We thank the referee for the constructive and detailed feedback on our manuscript. We appreciate the emphasis on strengthening the abstract and validating key assumptions in the training pipeline. Below we respond point by point to the major comments and indicate planned revisions.

read point-by-point responses
  1. Referee: [Abstract] Abstract: The claim of obtaining 'successful control results' with the model-free strategy is stated without any quantitative metrics (e.g., end-effector tracking error, success rate over trials, or comparison to baselines), which is load-bearing for evaluating whether the framework actually achieves robust performance under full visibility and partial occlusion.

    Authors: We agree that the abstract would be strengthened by including quantitative metrics. The manuscript body reports experimental results on tracking error and robustness, but these are not summarized numerically in the abstract. In the revised version we will add concise quantitative indicators (e.g., mean end-effector tracking error and trial success rates under both full visibility and partial occlusion) to the abstract while retaining the overall length limit. revision: yes

  2. Referee: [Abstract] Abstract (training pipeline description): The automatic labeling procedure assumes that inpainting removes ArUco markers without shifting the true keypoint locations or introducing artifacts that the detector will exploit. No validation is reported, such as mean pixel displacement between original marker centers and post-inpainting detections on held-out frames or reprojection error statistics, which directly undermines the validity of the training labels and the model-free claim.

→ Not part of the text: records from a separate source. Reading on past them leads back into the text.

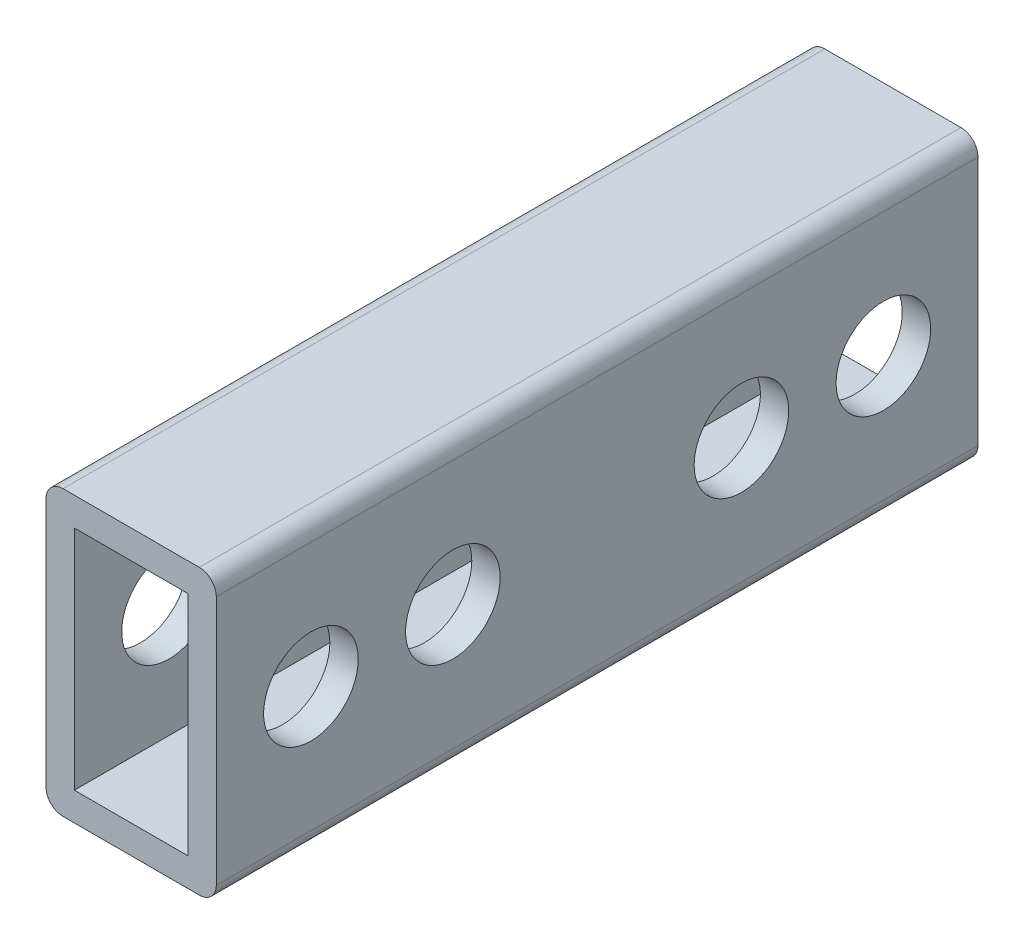
ISO-10303-21;
HEADER;
FILE_DESCRIPTION(('STEP AP214'),'2;1');
FILE_NAME('part.step','',(''),(''),'','','');
FILE_SCHEMA(('AUTOMOTIVE_DESIGN { 1 0 10303 214 1 1 1 1 }'));
ENDSEC;
DATA;
#1=APPLICATION_CONTEXT('core data for automotive mechanical design processes');
#2=APPLICATION_PROTOCOL_DEFINITION('international standard','automotive_design',2000,#1);
#3=PRODUCT_CONTEXT('',#1,'mechanical');
#4=PRODUCT('Part','Part','',(#3));
#5=PRODUCT_RELATED_PRODUCT_CATEGORY('part','',(#4));
#6=PRODUCT_DEFINITION_FORMATION('','',#4);
#7=PRODUCT_DEFINITION_CONTEXT('part definition',#1,'design');
#8=PRODUCT_DEFINITION('design','',#6,#7);
#9=PRODUCT_DEFINITION_SHAPE('','',#8);
#10=(LENGTH_UNIT() NAMED_UNIT(*) SI_UNIT(.MILLI.,.METRE.));
#11=(NAMED_UNIT(*) PLANE_ANGLE_UNIT() SI_UNIT($,.RADIAN.));
#12=(NAMED_UNIT(*) SI_UNIT($,.STERADIAN.) SOLID_ANGLE_UNIT());
#13=UNCERTAINTY_MEASURE_WITH_UNIT(LENGTH_MEASURE(1.E-05),#10,'distance_accuracy_value','');
#14=(GEOMETRIC_REPRESENTATION_CONTEXT(3) GLOBAL_UNCERTAINTY_ASSIGNED_CONTEXT((#13)) GLOBAL_UNIT_ASSIGNED_CONTEXT((#10,
#11,#12)) REPRESENTATION_CONTEXT('',''));
#15=CARTESIAN_POINT('',(0.,0.,0.));
#16=DIRECTION('',(0.,0.,1.));
#17=DIRECTION('',(1.,0.,0.));
#18=AXIS2_PLACEMENT_3D('',#15,#16,#17);
#19=CARTESIAN_POINT('',(0.,0.,80.5));
#20=DIRECTION('',(0.,0.,1.));
#21=DIRECTION('',(1.,0.,0.));
#22=AXIS2_PLACEMENT_3D('',#19,#20,#21);
#23=PLANE('',#22);
#24=DIRECTION('',(0.,-1.,0.));
#25=VECTOR('',#24,1.);
#26=CARTESIAN_POINT('',(-9.,-15.,80.5));
#27=LINE('',#26,#25);
#28=CARTESIAN_POINT('',(-9.,13.2,80.5));
#29=VERTEX_POINT('',#28);
#30=CARTESIAN_POINT('',(-9.,-13.2,80.5));
#31=VERTEX_POINT('',#30);
#32=EDGE_CURVE('E170',#29,#31,#27,.T.);
#33=ORIENTED_EDGE('',*,*,#32,.T.);
#34=CARTESIAN_POINT('',(-7.2,-13.2,80.5));
#35=DIRECTION('',(0.,0.,1.));
#36=DIRECTION('',(1.,0.,0.));
#37=AXIS2_PLACEMENT_3D('',#34,#35,#36);
#38=CIRCLE('',#37,1.8);
#39=CARTESIAN_POINT('',(-7.2,-15.,80.5));
#40=VERTEX_POINT('',#39);
#41=EDGE_CURVE('E229',#31,#40,#38,.T.);
#42=ORIENTED_EDGE('',*,*,#41,.T.);
#43=DIRECTION('',(1.,0.,0.));
#44=VECTOR('',#43,1.);
#45=CARTESIAN_POINT('',(9.,-15.,80.5));
#46=LINE('',#45,#44);
#47=CARTESIAN_POINT('',(7.2,-15.,80.5));
#48=VERTEX_POINT('',#47);
#49=EDGE_CURVE('E173',#40,#48,#46,.T.);
#50=ORIENTED_EDGE('',*,*,#49,.T.);
#51=CARTESIAN_POINT('',(7.2,-13.2,80.5));
#52=DIRECTION('',(0.,0.,1.));
#53=DIRECTION('',(1.,0.,0.));
#54=AXIS2_PLACEMENT_3D('',#51,#52,#53);
#55=CIRCLE('',#54,1.8);
#56=CARTESIAN_POINT('',(9.,-13.2,80.5));
#57=VERTEX_POINT('',#56);
#58=EDGE_CURVE('E227',#48,#57,#55,.T.);
#59=ORIENTED_EDGE('',*,*,#58,.T.);
#60=DIRECTION('',(0.,1.,0.));
#61=VECTOR('',#60,1.);
#62=CARTESIAN_POINT('',(9.,-15.,80.5));
#63=LINE('',#62,#61);
#64=CARTESIAN_POINT('',(9.,13.2,80.5));
#65=VERTEX_POINT('',#64);
#66=EDGE_CURVE('E177',#57,#65,#63,.T.);
#67=ORIENTED_EDGE('',*,*,#66,.T.);
#68=CARTESIAN_POINT('',(7.2,13.2,80.5));
#69=DIRECTION('',(0.,0.,1.));
#70=DIRECTION('',(1.,0.,0.));
#71=AXIS2_PLACEMENT_3D('',#68,#69,#70);
#72=CIRCLE('',#71,1.8);
#73=CARTESIAN_POINT('',(7.2,15.,80.5));
#74=VERTEX_POINT('',#73);
#75=EDGE_CURVE('E57',#65,#74,#72,.T.);
#76=ORIENTED_EDGE('',*,*,#75,.T.);
#77=DIRECTION('',(-1.,0.,0.));
#78=VECTOR('',#77,1.);
#79=CARTESIAN_POINT('',(9.,15.,80.5));
#80=LINE('',#79,#78);
#81=CARTESIAN_POINT('',(-7.2,15.,80.5));
#82=VERTEX_POINT('',#81);
#83=EDGE_CURVE('E179',#74,#82,#80,.T.);
#84=ORIENTED_EDGE('',*,*,#83,.T.);
#85=CARTESIAN_POINT('',(-7.2,13.2,80.5));
#86=DIRECTION('',(0.,0.,1.));
#87=DIRECTION('',(1.,0.,0.));
#88=AXIS2_PLACEMENT_3D('',#85,#86,#87);
#89=CIRCLE('',#88,1.8);
#90=EDGE_CURVE('E224',#82,#29,#89,.T.);
#91=ORIENTED_EDGE('',*,*,#90,.T.);
#92=EDGE_LOOP('',(#33,#42,#50,#59,#67,#76,#84,#91));
#93=FACE_BOUND('',#92,.T.);
#94=DIRECTION('',(1.,0.,0.));
#95=VECTOR('',#94,1.);
#96=CARTESIAN_POINT('',(6.,-12.,80.5));
#97=LINE('',#96,#95);
#98=CARTESIAN_POINT('',(-6.,-12.,80.5));
#99=VERTEX_POINT('',#98);
#100=CARTESIAN_POINT('',(6.,-12.,80.5));
#101=VERTEX_POINT('',#100);
#102=EDGE_CURVE('E137',#99,#101,#97,.T.);
#103=ORIENTED_EDGE('',*,*,#102,.F.);
#104=DIRECTION('',(0.,-1.,0.));
#105=VECTOR('',#104,1.);
#106=CARTESIAN_POINT('',(-6.,-12.,80.5));
#107=LINE('',#106,#105);
#108=CARTESIAN_POINT('',(-6.,12.,80.5));
#109=VERTEX_POINT('',#108);
#110=EDGE_CURVE('E127',#109,#99,#107,.T.);
#111=ORIENTED_EDGE('',*,*,#110,.F.);
#112=DIRECTION('',(-1.,0.,0.));
#113=VECTOR('',#112,1.);
#114=CARTESIAN_POINT('',(6.,12.,80.5));
#115=LINE('',#114,#113);
#116=CARTESIAN_POINT('',(6.,12.,80.5));
#117=VERTEX_POINT('',#116);
#118=EDGE_CURVE('E152',#117,#109,#115,.T.);
#119=ORIENTED_EDGE('',*,*,#118,.F.);
#120=DIRECTION('',(0.,1.,0.));
#121=VECTOR('',#120,1.);
#122=CARTESIAN_POINT('',(6.,-12.,80.5));
#123=LINE('',#122,#121);
#124=EDGE_CURVE('E150',#101,#117,#123,.T.);
#125=ORIENTED_EDGE('',*,*,#124,.F.);
#126=EDGE_LOOP('',(#103,#111,#119,#125));
#127=FACE_BOUND('',#126,.T.);
#128=ADVANCED_FACE('F36',(#93,#127),#23,.T.);
#129=CARTESIAN_POINT('',(0.,0.,0.));
#130=DIRECTION('',(0.,0.,1.));
#131=DIRECTION('',(1.,0.,0.));
#132=AXIS2_PLACEMENT_3D('',#129,#130,#131);
#133=PLANE('',#132);
#134=DIRECTION('',(1.,0.,0.));
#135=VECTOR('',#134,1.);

    Authors: We acknowledge that the original submission did not include explicit quantitative validation of keypoint preservation after inpainting. While the training pipeline uses the original marker centers as ground truth before inpainting, we did not report displacement or artifact statistics. In the revision we will add a short validation analysis (mean pixel displacement on held-out frames and qualitative artifact checks) to the methods or results section and reference it briefly in the abstract to support the label quality. revision: yes

Circularity Check

0 steps flagged

No significant circularity; pipeline relies on external assumptions rather than self-referential reduction

full rationale

The paper's core pipeline attaches ArUco markers, records centers as labels, applies inpainting to create markerless training images, trains a detector, and deploys with runtime inpainting plus UKF. No equations or derivations are shown that equate a 'prediction' to a fitted input by construction, nor are self-citations used to import uniqueness theorems or ansatzes. The claim of eliminating calibration dependencies rests on the empirical performance of inpainting (an external technique), not on any definitional loop within the paper's own steps. This is a standard data-generation assumption whose validity is independent of the reported control results.

Axiom & Free-Parameter Ledger

0 free parameters · 1 axioms · 0 invented entities

The framework rests on the domain assumption that inpainting can be used to create accurate synthetic training data from marked images and handle runtime occlusions effectively without introducing significant errors in keypoint positions.

axioms (1)
  • domain assumption Inpainting can accurately reconstruct robot appearance without markers while preserving keypoint positions for training and runtime use
    Central to generating labeled data and enabling continuous detection under occlusion.